I'll take one for the team tomorrow. I'll leave it to y'all to sort out if I mean the count or whatever horrendous video Enty is punishing us with.

TalksTooMuch said...

Count, you wouldn't even know it to see it. It's all freckles. Looks like a road map gone horribly wrong.

wait, why am I talking about my butt?? Cocoa!

Anonymous said...

Count, have you met my friend Sugar?


[psssst. I've seen her photo. She's CUTE!]

Kristin Wigs said...

TTM, curse of the fair skin redhead. My shoulders look like a map to Amelua Earhart's whereabouts.
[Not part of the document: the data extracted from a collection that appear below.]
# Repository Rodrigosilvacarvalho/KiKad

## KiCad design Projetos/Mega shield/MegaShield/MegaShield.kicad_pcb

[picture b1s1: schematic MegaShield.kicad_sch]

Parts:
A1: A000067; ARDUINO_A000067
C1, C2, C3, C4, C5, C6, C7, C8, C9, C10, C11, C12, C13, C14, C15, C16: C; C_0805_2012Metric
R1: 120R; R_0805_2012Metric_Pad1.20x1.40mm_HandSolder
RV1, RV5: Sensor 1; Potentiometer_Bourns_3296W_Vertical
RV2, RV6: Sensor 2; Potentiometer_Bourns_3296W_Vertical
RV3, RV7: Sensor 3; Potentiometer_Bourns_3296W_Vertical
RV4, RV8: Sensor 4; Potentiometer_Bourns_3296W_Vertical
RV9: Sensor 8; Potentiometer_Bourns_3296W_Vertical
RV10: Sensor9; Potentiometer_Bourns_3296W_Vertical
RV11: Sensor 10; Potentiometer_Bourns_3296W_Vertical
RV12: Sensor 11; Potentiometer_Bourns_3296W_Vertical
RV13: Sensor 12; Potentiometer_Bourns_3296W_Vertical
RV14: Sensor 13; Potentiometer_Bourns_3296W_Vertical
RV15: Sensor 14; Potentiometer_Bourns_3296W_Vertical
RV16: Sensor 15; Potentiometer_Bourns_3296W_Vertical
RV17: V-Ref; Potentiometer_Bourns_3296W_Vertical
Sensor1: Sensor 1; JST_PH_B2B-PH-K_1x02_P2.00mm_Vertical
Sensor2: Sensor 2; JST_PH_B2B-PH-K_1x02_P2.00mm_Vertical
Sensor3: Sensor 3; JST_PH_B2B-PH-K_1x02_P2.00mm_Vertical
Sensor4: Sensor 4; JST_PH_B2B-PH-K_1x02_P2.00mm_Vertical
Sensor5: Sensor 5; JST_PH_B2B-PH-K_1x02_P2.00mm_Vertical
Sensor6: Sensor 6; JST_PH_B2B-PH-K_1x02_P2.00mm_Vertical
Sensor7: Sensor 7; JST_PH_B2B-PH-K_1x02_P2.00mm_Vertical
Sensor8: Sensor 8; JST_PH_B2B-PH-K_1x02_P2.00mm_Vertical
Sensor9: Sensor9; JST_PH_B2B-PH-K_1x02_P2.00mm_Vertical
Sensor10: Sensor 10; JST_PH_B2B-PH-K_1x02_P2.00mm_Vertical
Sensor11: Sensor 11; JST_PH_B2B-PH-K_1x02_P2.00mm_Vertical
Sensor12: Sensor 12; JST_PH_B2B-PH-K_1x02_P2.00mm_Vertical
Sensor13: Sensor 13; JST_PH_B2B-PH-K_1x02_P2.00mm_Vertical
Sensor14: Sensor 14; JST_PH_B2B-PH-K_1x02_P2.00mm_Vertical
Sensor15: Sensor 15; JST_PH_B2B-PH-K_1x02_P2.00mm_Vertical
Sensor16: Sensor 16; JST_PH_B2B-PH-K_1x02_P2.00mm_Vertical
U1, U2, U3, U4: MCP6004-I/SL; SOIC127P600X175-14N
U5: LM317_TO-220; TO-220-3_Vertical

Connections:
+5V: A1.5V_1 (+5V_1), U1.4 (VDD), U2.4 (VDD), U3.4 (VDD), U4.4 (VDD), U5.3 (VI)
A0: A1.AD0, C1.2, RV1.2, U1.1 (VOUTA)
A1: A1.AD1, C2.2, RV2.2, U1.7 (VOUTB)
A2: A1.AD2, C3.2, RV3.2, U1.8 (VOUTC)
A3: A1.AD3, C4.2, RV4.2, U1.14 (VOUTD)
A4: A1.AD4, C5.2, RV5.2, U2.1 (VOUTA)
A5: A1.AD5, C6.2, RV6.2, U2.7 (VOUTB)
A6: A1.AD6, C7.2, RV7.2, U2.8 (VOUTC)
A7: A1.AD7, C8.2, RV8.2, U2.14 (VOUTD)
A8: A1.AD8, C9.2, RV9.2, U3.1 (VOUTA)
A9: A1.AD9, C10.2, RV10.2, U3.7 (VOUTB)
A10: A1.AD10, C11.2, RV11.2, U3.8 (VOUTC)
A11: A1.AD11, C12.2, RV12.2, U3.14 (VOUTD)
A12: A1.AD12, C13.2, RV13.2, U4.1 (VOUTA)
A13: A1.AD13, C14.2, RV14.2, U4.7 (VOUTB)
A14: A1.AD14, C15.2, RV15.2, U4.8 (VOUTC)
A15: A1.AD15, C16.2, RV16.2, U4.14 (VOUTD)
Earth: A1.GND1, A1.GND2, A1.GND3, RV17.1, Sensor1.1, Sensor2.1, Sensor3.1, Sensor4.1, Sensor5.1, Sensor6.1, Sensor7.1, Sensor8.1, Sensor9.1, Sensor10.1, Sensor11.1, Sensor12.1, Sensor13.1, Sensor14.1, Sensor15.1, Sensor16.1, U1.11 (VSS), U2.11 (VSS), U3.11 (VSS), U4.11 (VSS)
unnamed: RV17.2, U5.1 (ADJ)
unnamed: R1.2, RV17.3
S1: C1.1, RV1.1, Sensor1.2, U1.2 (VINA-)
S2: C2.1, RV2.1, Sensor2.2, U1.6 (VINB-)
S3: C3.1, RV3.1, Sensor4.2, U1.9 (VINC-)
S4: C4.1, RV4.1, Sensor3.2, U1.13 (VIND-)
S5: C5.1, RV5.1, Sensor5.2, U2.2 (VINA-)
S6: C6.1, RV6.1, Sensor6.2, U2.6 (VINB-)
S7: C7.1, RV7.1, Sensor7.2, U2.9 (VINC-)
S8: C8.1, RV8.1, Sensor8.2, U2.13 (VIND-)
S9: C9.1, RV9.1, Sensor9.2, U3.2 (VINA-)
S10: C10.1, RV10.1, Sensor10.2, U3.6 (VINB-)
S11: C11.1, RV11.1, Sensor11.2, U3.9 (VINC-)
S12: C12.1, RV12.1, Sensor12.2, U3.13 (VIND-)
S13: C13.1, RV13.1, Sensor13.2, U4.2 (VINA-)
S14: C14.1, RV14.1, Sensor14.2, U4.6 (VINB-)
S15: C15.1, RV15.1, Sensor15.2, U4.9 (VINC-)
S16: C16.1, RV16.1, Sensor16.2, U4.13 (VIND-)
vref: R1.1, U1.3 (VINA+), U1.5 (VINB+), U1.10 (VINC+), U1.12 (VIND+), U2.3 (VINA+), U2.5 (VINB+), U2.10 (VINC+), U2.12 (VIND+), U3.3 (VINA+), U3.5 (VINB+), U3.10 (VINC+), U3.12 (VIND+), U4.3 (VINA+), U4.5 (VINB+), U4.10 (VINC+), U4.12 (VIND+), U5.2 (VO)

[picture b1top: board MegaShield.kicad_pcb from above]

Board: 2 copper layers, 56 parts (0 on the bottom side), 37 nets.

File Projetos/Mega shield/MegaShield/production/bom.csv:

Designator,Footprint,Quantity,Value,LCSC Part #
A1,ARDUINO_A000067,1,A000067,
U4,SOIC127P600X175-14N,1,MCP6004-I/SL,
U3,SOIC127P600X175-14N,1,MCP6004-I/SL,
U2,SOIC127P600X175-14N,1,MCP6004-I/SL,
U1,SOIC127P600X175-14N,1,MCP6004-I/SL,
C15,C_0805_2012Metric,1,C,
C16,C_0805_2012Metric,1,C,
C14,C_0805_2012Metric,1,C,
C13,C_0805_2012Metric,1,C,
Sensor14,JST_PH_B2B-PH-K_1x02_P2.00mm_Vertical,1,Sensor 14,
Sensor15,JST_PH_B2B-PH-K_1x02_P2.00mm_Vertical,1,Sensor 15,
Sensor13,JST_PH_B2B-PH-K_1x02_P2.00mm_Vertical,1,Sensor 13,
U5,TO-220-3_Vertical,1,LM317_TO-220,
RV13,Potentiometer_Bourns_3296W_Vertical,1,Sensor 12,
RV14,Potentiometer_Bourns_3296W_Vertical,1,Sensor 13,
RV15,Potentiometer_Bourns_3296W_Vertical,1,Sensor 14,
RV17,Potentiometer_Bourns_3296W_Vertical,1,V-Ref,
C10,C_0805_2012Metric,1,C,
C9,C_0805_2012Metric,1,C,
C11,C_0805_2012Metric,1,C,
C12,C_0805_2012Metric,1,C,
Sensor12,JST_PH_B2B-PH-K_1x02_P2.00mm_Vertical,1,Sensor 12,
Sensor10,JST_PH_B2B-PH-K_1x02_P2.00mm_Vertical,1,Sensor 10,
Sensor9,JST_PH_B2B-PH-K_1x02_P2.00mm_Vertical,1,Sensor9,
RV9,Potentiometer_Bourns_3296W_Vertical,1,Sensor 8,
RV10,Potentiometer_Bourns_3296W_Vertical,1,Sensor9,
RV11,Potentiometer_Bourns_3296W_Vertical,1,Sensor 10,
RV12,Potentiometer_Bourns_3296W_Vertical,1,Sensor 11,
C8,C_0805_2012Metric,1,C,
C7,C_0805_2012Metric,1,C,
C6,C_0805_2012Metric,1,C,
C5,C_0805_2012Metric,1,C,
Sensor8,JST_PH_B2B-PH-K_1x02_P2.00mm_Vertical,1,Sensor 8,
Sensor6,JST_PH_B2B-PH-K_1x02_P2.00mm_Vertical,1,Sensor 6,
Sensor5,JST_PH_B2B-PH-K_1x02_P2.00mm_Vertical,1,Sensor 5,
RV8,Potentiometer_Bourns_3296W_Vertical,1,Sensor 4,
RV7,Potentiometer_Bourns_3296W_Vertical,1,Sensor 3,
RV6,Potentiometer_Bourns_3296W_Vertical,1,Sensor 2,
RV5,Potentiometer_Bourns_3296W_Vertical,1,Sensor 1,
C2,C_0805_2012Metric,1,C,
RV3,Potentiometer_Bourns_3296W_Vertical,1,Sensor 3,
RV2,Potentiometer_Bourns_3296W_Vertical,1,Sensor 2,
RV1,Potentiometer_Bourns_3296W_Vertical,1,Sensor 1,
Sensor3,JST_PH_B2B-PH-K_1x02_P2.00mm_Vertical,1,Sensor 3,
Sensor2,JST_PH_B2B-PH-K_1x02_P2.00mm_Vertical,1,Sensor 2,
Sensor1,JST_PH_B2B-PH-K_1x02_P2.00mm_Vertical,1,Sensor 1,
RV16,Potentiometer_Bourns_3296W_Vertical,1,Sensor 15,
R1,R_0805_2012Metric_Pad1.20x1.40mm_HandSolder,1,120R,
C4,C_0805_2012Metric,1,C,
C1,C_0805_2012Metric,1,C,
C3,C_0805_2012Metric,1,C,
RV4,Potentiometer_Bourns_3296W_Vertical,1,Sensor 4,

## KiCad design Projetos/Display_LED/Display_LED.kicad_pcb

Sugar, you're on for tomorrow. Don't embarrass the rest of the group like I did.

Kristin Wigs said...

* Amelua is Amelia's cousin. Or something.

Sugar said...

Aww, thanks Cocoa! I've had some work done since then and now i'm even prettier!

Kelly said...

Wigs, your recap was just fine! I think I may just be a total dork. Ha
Amelua is her sister-in-law btw.

TalksTooMuch said...

Boobies FTW, Reno! Woo hoo!

Anonymous said...

Fine.


Oops!! Dropped my keys.....

Sugar said...

Bend.... and SNAP!

Count Jerkula said...

The teasing and the laughter may be too much for me. I don't know if I have blue balls or I'm going to pee my pants.

Anonymous said...

There you have it - the real reason Amelia Earhart and Fred Noonan have never been found. Kristin's been hiding the map!

TalksTooMuch said...

That right thur is EXACTLY the state I like my men in. ^5 Cocoa, good job!

Count Jerkula said...

I think Cocoa is trying to pawn me off on a friend so she can hear reviews, to see if I am worth seducing.

What do you have on in the bar Cocoa? Jeans, Skirt, Yoga Pants?

Count Jerkula said...

@TTM: LOL! Confused men make poor decisions, just like confused women. I like the way you think.

Well played all. I think I'm feeling woozy. I asked for a lime in my Corona, not a Xanax.

Anonymous said...

[also: Kristin is like an Olsen twin only much more attractive and likeable. Reno's pretty too, with lovely boobs]

Xanax in your drink - how did that happen???

Count Jerkula said...

Maybe someone dosed me while I watched you deal with your keys.

I hope it wasn't a dude.

Anonymous said...

Not a dude, trust me.

Here, have another Corona....

;-)

Count Jerkula said...

If yer buyin, I'm flyin, Cocoa. Just do me a favor and get me into a seat in your car. If I wake up on the drive to your house, I'll want a cigarette, and it is hard to smoke while locked in the trunk.

Anonymous said...

E-cigarette and I'm dropping you off at YOUR house. No, sorry, I can't stay. Just wanted to make sure you got home safely.

Thanks for the laughs, good night!

Count Jerkula said...

Dang. You just keep teasing me up to baseball bat my knees.